### What to produce
Please tally the lines below that contain the word "through" and reply with the total alone.

### Entries supplied
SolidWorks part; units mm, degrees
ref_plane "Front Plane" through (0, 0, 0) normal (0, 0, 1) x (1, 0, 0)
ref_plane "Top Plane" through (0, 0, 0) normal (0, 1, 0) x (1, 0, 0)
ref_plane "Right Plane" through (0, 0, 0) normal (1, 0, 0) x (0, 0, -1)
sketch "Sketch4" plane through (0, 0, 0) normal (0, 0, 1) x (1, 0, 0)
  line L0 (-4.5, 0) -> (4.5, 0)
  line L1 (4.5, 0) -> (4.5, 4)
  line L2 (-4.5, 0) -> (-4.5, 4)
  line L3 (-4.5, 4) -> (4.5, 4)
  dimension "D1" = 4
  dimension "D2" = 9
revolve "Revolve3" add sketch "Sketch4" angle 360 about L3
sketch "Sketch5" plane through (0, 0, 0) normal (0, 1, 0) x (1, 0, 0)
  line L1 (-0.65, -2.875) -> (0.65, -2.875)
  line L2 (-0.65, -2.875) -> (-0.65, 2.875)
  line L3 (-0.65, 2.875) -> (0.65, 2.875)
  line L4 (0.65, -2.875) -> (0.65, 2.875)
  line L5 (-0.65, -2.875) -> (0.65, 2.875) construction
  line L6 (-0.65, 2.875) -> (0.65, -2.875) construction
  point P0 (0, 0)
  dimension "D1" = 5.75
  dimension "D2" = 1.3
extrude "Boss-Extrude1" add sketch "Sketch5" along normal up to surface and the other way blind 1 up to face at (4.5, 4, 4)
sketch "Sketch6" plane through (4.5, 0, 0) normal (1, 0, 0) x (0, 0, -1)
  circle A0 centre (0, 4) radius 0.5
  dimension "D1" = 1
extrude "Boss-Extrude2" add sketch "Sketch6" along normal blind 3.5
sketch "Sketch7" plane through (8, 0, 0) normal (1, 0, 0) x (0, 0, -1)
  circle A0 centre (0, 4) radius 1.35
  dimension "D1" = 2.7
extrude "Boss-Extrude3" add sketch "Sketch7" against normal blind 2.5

### Exercise solution
7